Enterprise-based searching always wants more. And dtSearch, a supplier of enterprise and developer text retrieval software, is offering more -- with the recently announced version 7.70 of its product line.
The new release features enhanced document filters, and APIs for OEMs that provide data parsing, conversion and extraction.
Indexed Search In Under a Second
DtSearch, which began providing text retrieval in 1991, offers a product line of enterprise search and developer text search products.
The search products’ spider can search local/remote content and static/dynamic web content, and it can reach across public/private sites, including support for log-ins and forms-based authentication. More than a terabyte of text can be covered in a single index, including directories, databases, online data and emails, and an unlimited number of indexes can be created and searched. According to dtSearch, that indexed search time is under a second, even across terabytes.
The document filters have supported a wide range of file formats and data types. In addition to all office productivity documents (Microsoft Office, OpenOffice, RTF, PDF and others), major email formats, compression formats such as ZIP and RAR, and Web-ready data such as HTML and XML/XSL, the filters are also built for dynamic data, including PHP, ASP.NET and all major databases.
Increased Search Support for Multi-Level Documents
Version 7.70 extends that support to images in Word (.doc/.docx), Powerpoint (.ppt/.pptx), Excel (.xls/.xlsx), Access (.mdb/accdb), RTF, and email files such as Thunderbird (mbox/.eml) and Outlook (.pst/.msg). These formats are shown as highlighted hits in context, and there’s also support for documents created by the Japanese word processor, Ichitaro.

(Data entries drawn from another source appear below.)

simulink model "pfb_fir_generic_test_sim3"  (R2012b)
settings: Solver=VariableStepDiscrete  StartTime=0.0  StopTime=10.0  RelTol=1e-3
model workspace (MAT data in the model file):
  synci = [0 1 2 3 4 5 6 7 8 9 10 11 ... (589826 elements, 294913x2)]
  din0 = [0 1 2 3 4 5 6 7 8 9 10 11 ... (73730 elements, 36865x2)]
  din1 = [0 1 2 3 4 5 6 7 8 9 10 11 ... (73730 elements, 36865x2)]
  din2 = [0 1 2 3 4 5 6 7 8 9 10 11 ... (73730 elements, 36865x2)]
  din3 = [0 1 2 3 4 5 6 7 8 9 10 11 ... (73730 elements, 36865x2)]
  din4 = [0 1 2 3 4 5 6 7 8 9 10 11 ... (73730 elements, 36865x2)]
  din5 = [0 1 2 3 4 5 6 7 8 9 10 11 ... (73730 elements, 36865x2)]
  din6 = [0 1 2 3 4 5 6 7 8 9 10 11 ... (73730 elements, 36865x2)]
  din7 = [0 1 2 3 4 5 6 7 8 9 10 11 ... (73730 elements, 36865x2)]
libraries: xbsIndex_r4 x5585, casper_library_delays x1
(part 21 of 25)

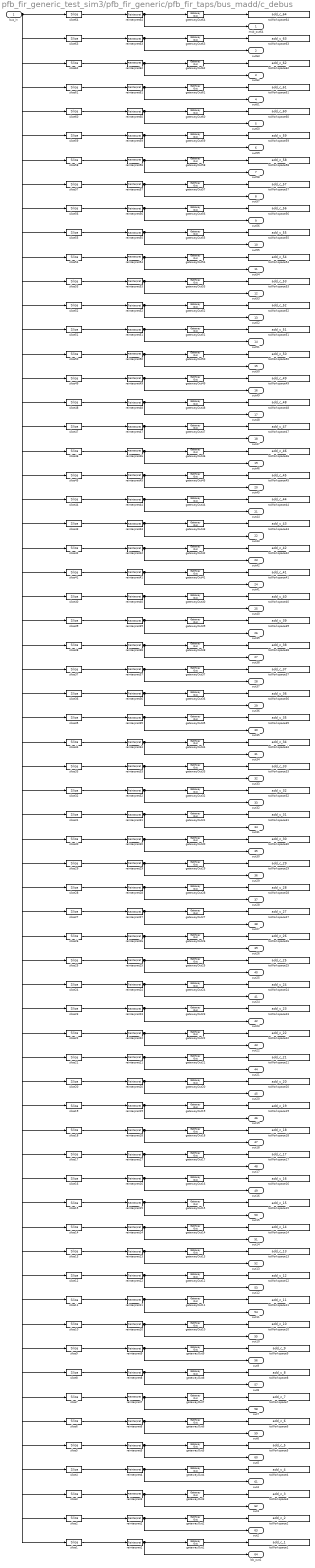
== system pfb_fir_generic_test_sim3/pfb_fir_generic/pfb_fir_taps/bus_madd/c_debus ==
  bus_in : Inport
  gatewayOut{1..64} (64 alike) : xbsIndex_r4/Gateway Out  inherit_from_input=off  hdl_port=off  timing_constraint=None  locs_specified=off  LOCs={}  UseAsDAC=off  DACChannel='1'  block_type=gatewayout
  reinterpret{1..64} (64 alike) : xbsIndex_r4/Reinterpret  force_arith_type=on  arith_type="Signed  (2's comp)"  force_bin_pt=on  bin_pt=26  block_type=reinterpret
  slice1 : xbsIndex_r4/Slice  nbits=30  boolean_output=off  mode=Upper Bit Location + Width  bit1=-1810  base1=MSB of Input  bit0=0  base0=LSB of Input  dbl_ovrd=off  block_type=slice
  slice10 : xbsIndex_r4/Slice  nbits=30  boolean_output=off  mode=Upper Bit Location + Width  bit1=-1540  base1=MSB of Input  bit0=0  base0=LSB of Input  dbl_ovrd=off  block_type=slice
  slice11 : xbsIndex_r4/Slice  nbits=30  boolean_output=off  mode=Upper Bit Location + Width  bit1=-1510  base1=MSB of Input  bit0=0  base0=LSB of Input  dbl_ovrd=off  block_type=slice
  slice12 : xbsIndex_r4/Slice  nbits=30  boolean_output=off  mode=Upper Bit Location + Width  bit1=-1480  base1=MSB of Input  bit0=0  base0=LSB of Input  dbl_ovrd=off  block_type=slice
  slice13 : xbsIndex_r4/Slice  nbits=30  boolean_output=off  mode=Upper Bit Location + Width  bit1=-1450  base1=MSB of Input  bit0=0  base0=LSB of Input  dbl_ovrd=off  block_type=slice
  slice14 : xbsIndex_r4/Slice  nbits=30  boolean_output=off  mode=Upper Bit Location + Width  bit1=-1420  base1=MSB of Input  bit0=0  base0=LSB of Input  dbl_ovrd=off  block_type=slice
  slice15 : xbsIndex_r4/Slice  nbits=30  boolean_output=off  mode=Upper Bit Location + Width  bit1=-1390  base1=MSB of Input  bit0=0  base0=LSB of Input  dbl_ovrd=off  block_type=slice
  slice16 : xbsIndex_r4/Slice  nbits=30  boolean_output=off  mode=Upper Bit Location + Width  bit1=-1360  base1=MSB of Input  bit0=0  base0=LSB of Input  dbl_ovrd=off  block_type=slice
  slice17 : xbsIndex_r4/Slice  nbits=29  boolean_output=off  mode=Upper Bit Location + Width  bit1=-1331  base1=MSB of Input  bit0=0  base0=LSB of Input  dbl_ovrd=off  block_type=slice
  slice18 : xbsIndex_r4/Slice  nbits=29  boolean_output=off  mode=Upper Bit Location + Width  bit1=-1302  base1=MSB of Input  bit0=0  base0=LSB of Input  dbl_ovrd=off  block_type=slice
  slice19 : xbsIndex_r4/Slice  nbits=29  boolean_output=off  mode=Upper Bit Location + Width  bit1=-1273  base1=MSB of Input  bit0=0  base0=LSB of Input  dbl_ovrd=off  block_type=slice
  slice2 : xbsIndex_r4/Slice  nbits=30  boolean_output=off  mode=Upper Bit Location + Width  bit1=-1780  base1=MSB of Input  bit0=0  base0=LSB of Input  dbl_ovrd=off  block_type=slice
  slice20 : xbsIndex_r4/Slice  nbits=29  boolean_output=off  mode=Upper Bit Location + Width  bit1=-1244  base1=MSB of Input  bit0=0  base0=LSB of Input  dbl_ovrd=off  block_type=slice
  slice21 : xbsIndex_r4/Slice  nbits=29  boolean_output=off  mode=Upper Bit Location + Width  bit1=-1215  base1=MSB of Input  bit0=0  base0=LSB of Input  dbl_ovrd=off  block_type=slice
  slice22 : xbsIndex_r4/Slice  nbits=29  boolean_output=off  mode=Upper Bit Location + Width  bit1=-1186  base1=MSB of Input  bit0=0  base0=LSB of Input  dbl_ovrd=off  block_type=slice
  slice23 : xbsIndex_r4/Slice  nbits=29  boolean_output=off  mode=Upper Bit Location + Width  bit1=-1157  base1=MSB of Input  bit0=0  base0=LSB of Input  dbl_ovrd=off  block_type=slice
  slice24 : xbsIndex_r4/Slice  nbits=29  boolean_output=off  mode=Upper Bit Location + Width  bit1=-1128  base1=MSB of Input  bit0=0  base0=LSB of Input  dbl_ovrd=off  block_type=slice
  slice25 : xbsIndex_r4/Slice  nbits=29  boolean_output=off  mode=Upper Bit Location + Width  bit1=-1099  base1=MSB of Input  bit0=0  base0=LSB of Input  dbl_ovrd=off  block_type=slice
  slice26 : xbsIndex_r4/Slice  nbits=29  boolean_output=off  mode=Upper Bit Location + Width  bit1=-1070  base1=MSB of Input  bit0=0  base0=LSB of Input  dbl_ovrd=off  block_type=slice
  slice27 : xbsIndex_r4/Slice  nbits=29  boolean_output=off  mode=Upper Bit Location + Width  bit1=-1041  base1=MSB of Input  bit0=0  base0=LSB of Input  dbl_ovrd=off  block_type=slice
  slice28 : xbsIndex_r4/Slice  nbits=29  boolean_output=off  mode=Upper Bit Location + Width  bit1=-1012  base1=MSB of Input  bit0=0  base0=LSB of Input  dbl_ovrd=off  block_type=slice
  slice29 : xbsIndex_r4/Slice  nbits=29  boolean_output=off  mode=Upper Bit Location + Width  bit1=-983  base1=MSB of Input  bit0=0  base0=LSB of Input  dbl_ovrd=off  block_type=slice
  slice3 : xbsIndex_r4/Slice  nbits=30  boolean_output=off  mode=Upper Bit Location + Width  bit1=-1750  base1=MSB of Input  bit0=0  base0=LSB of Input  dbl_ovrd=off  block_type=slice
  slice30 : xbsIndex_r4/Slice  nbits=29  boolean_output=off  mode=Upper Bit Location + Width  bit1=-954  base1=MSB of Input  bit0=0  base0=LSB of Input  dbl_ovrd=off  block_type=slice
  slice31 : xbsIndex_r4/Slice  nbits=29  boolean_output=off  mode=Upper Bit Location + Width  bit1=-925  base1=MSB of Input  bit0=0  base0=LSB of Input  dbl_ovrd=off  block_type=slice
  slice32 : xbsIndex_r4/Slice  nbits=29  boolean_output=off  mode=Upper Bit Location + Width  bit1=-896  base1=MSB of Input  bit0=0  base0=LSB of Input  dbl_ovrd=off  block_type=slice
  slice33 : xbsIndex_r4/Slice  nbits=28  boolean_output=off  mode=Upper Bit Location + Width  bit1=-868  base1=MSB of Input  bit0=0  base0=LSB of Input  dbl_ovrd=off  block_type=slice
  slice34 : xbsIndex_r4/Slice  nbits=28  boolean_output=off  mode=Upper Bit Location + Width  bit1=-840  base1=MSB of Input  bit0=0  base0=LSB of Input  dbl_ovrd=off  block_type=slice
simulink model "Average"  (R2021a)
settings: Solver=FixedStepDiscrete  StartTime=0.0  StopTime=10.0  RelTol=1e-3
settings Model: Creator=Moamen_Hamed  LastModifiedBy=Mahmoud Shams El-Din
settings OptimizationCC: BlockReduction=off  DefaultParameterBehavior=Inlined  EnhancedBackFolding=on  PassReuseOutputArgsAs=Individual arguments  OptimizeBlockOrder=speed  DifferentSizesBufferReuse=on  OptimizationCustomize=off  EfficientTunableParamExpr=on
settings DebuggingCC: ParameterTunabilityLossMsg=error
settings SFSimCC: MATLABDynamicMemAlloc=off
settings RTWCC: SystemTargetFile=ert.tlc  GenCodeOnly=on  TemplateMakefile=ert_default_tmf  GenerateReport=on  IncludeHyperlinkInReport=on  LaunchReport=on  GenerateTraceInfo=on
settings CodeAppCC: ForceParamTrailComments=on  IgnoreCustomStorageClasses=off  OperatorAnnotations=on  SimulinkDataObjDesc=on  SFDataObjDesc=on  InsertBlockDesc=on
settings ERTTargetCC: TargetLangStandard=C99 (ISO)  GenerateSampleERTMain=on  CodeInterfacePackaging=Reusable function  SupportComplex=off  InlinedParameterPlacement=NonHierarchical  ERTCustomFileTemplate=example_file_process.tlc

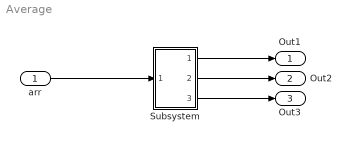
== system Average ==
  arr : Inport  PortDimensions=10
  Subsystem : Subsystem  TreatAsAtomicUnit=on
  Out1 : Outport  SignalName=Avr_Out
  Out2 : Outport  Port=2  SignalName=Max_Out
  Out3 : Outport  Port=3  SignalName=Min_Out
  wires:
  arr/1 -> Subsystem/1(In1)
  Subsystem/1(Out1) -> Out1/1
  Subsystem/2(Out2) -> Out2/1
  Subsystem/3(Out3) -> Out3/1

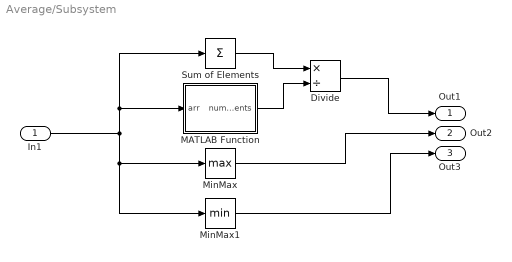
== system Average/Subsystem ==
  In1 : Inport
  Divide : Product  Inputs=*/
  MATLAB Function : MATLAB Function  TreatAsAtomicUnit=on
  MinMax : MinMax  Function=max
  MinMax1 : MinMax
  Sum of Elements : Sum  Inputs=+
  Out1 : Outport
  Out2 : Outport  Port=2
  Out3 : Outport  Port=3
  wires:
  In1/1 -> MinMax1/1, MinMax/1, MATLAB Function/1(arr), Sum of Elements/1
  Divide/1 -> Out1/1
  MATLAB Function/1(numElements) -> Divide/2
  Sum of Elements/1 -> Divide/1
  MinMax1/1 -> Out3/1
  MinMax/1 -> Out2/1

== matlab function Average/Subsystem/MATLAB Function ==
  data: arr input; numElements output
function numElements = array_length(arr)
    numElements = numel(arr);
end
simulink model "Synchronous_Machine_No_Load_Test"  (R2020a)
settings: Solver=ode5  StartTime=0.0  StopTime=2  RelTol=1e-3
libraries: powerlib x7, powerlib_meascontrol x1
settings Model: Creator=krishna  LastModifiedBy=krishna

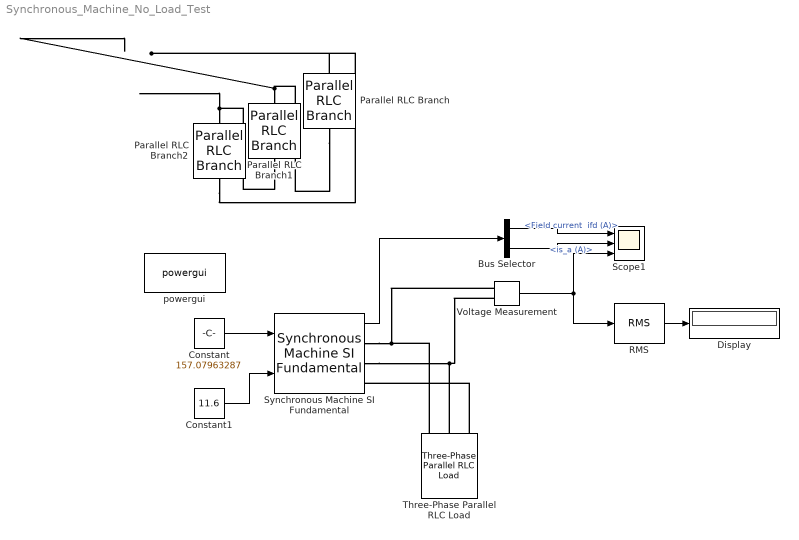
== system Synchronous_Machine_No_Load_Test ==
  Bus Selector : BusSelector  OutputSignals="dq0 components.Field current  ifd (A),Stator current.is_a (A)"
  Constant : Constant  Value=157.07963287
  Constant1 : Constant  Value=11.6
  Display : Display
  Parallel RLC Branch : powerlib/Elements/Parallel RLC Branch  LConnTagsString=a  RConnTagsString=__new0  BranchType=R  Resistance=1e4  Inductance=1e-3  SetiL0=off  InitialCurrent=0  Capacitance=1e-6  Setx0=off  InitialVoltage=0  Measurements=None
  Parallel RLC Branch1 : powerlib/Elements/Parallel RLC Branch  LConnTagsString=a  RConnTagsString=__new0  BranchType=R  Resistance=1e4  Inductance=1e-3  SetiL0=off  InitialCurrent=0  Capacitance=1e-6  Setx0=off  InitialVoltage=0  Measurements=None
  Parallel RLC Branch2 : powerlib/Elements/Parallel RLC Branch  LConnTagsString=a  RConnTagsString=__new0  BranchType=R  Resistance=1e4  Inductance=1e-3  SetiL0=off  InitialCurrent=0  Capacitance=1e-6  Setx0=off  InitialVoltage=0  Measurements=None
  RMS : powerlib_meascontrol/Measurements/RMS  TrueRMS=on  Freq=50  RMSInit=120  Ts=0
  Scope1 : Scope  NumInputPorts=3
  Synchronous Machine SI Fundamental : powerlib/Machines/Synchronous Machine SI Fundamental  PresetModel=01: 50Hz 400V 8.1kVA 1500RPM  MechanicalLoad=Speed w  ShowDetailedParameters=on  RotorType=Salient-pole  Units=SI fundamental parameters  MeasurementBus=off  NominalParameters=[8100 400 50]  Stator=[1.62 0.004527 0.1086 0.05175]  Field=[1.208 0.01132]  Dampers2=[ 0.0664, 1.387e-3, 0.0292, 6.896e-4, 7.907e-3, 2.477e-3]  Dampers1=[3.142 0.007334 4.772 0.01015]  Mechanical=[0.0923 0.009 2]  PolePairs=2  InitialConditions="[ 0  0  0  0  0  0  0  0  70.3192 ]"  SetSaturation=off  Saturation=[695.64,774.7,917.5,1001.6,1082.2,1175.9,1293.6,1430.2,1583.7;9660,10623,12243,13063,13757,14437,15180,15890,16567]  DisplayVfd=off  LoadFlowParameters=[1,0,0,0,0]  TsPowergui=0  TsBlock=-1  IterativeModel=Trapezoidal non iterative  IterativeDiscreteModel=Trapezoidal non iterative  BusType=PV  Pref=0  Qref=0  Qmin=-inf  Qmax=inf  PLF=0  QLF=0
      settings: SourceProductBaseCode=PS
  Three-Phase Parallel RLC Load : powerlib/Elements/Three-Phase Parallel RLC Load  LConnTagsString=A|B|C  Configuration=Delta  NominalVoltage=400  Vabc=[1e3 1e3 1e3]  Vabcp=[1e3 1e3 1e3]  NominalFrequency=50  UnbalancedPower=off  ActivePower=60  InductivePower=30  CapacitivePower=30  Pabc=[10e3 9e3 11e3]  QLabc=[100 90 110]  QCabc=[100 90 110]  Pabcp=[10e3 9e3 11e3]  QLabcp=[100 90 110]  QCabcp=[100 90 110]  Measurements=None  LoadType=constant Z
  Voltage Measurement : powerlib/Measurements/Voltage Measurement  PhasorSimulation=off  OutputType=Complex  PSBequivalent=0
  powergui : powerlib/powergui  Priority=1  SimulationMode=Discrete  SampleTime=5e-6  frequency=60  Iterations=50  frequencyindice=50  Pbase=100e6  ErrMax=1e-4  UnitsV=kV  UnitsW=MW  buscounter=0  FunctionMessages=off  echomessages=off  EnableUseOfTLC=off  CurrentSourceSwitches=off  DisableSnubberDevices=off  DisableRonSwitches=off  DisableVfSwitches=off  DisplayEquations=off  AutomaticDiscreteSolvers=off  SolverType=Tustin/Backward Euler (TBE)  Interpol=off  ExternalGateDelay=off  methode=off  Ts=100  x0status=blocks  SPID=on  SwTol=0  HookPort=off  NonlinearTolerance=1e-4  nMaxIteration=100  ContinueOnMaxIteration=off  RestoreLinks=warning  ResistiveCurrentMeasurement=off  Frange=[0:2:500]  Ylog=off  Xlog=on  ShowGrid=off  save=off  variable=ZData  structure=0  ZoomFFT=off  StartTime=0.0  cycles=1  DisplayStyle=1  fundamental=60  FreqAxis=off  MaxFrequency=1000  frequencyindicesteady=1  RmsSteady=1  display=off
  wires:
  Constant/1 -> Synchronous Machine SI Fundamental/1
  Synchronous Machine SI Fundamental/1 -> Bus Selector/1
  RMS/1 -> Display/1
  Bus Selector/1 -> Scope1/1  "<Field current  ifd (A)>"
  Constant1/1 -> Synchronous Machine SI Fundamental/2
  Voltage Measurement/1 -> Scope1/3, RMS/1
  Bus Selector/2 -> Scope1/2  "<is_a (A)>"
  connections:
  Voltage Measurement/LConn1 -- Three-Phase Parallel RLC Load/LConn1 -- Synchronous Machine SI Fundamental/RConn1
  Parallel RLC Branch1/RConn1 -- Parallel RLC Branch2/LConn1
  Parallel RLC Branch1/LConn1 -- Parallel RLC Branch/RConn1
  Parallel RLC Branch/LConn1 -- Parallel RLC Branch2/RConn1
  Three-Phase Parallel RLC Load/LConn3 -- Synchronous Machine SI Fundamental/RConn3
  Voltage Measurement/LConn2 -- Three-Phase Parallel RLC Load/LConn2 -- Synchronous Machine SI Fundamental/RConn2

The new release also increases the product’s support for documents and images that reside in multi-level nested configurations. This means it can find and display images in an email file, for instance. The company said that it can also find and display images in a PowerPoint file that has been embedded in a Word document attached as a zipped file to an email.
For developers, a new “object extraction” API allows for navigation through an embedded object’s structure, as if it were a hierarchy, and for extraction o09:31:00f any object.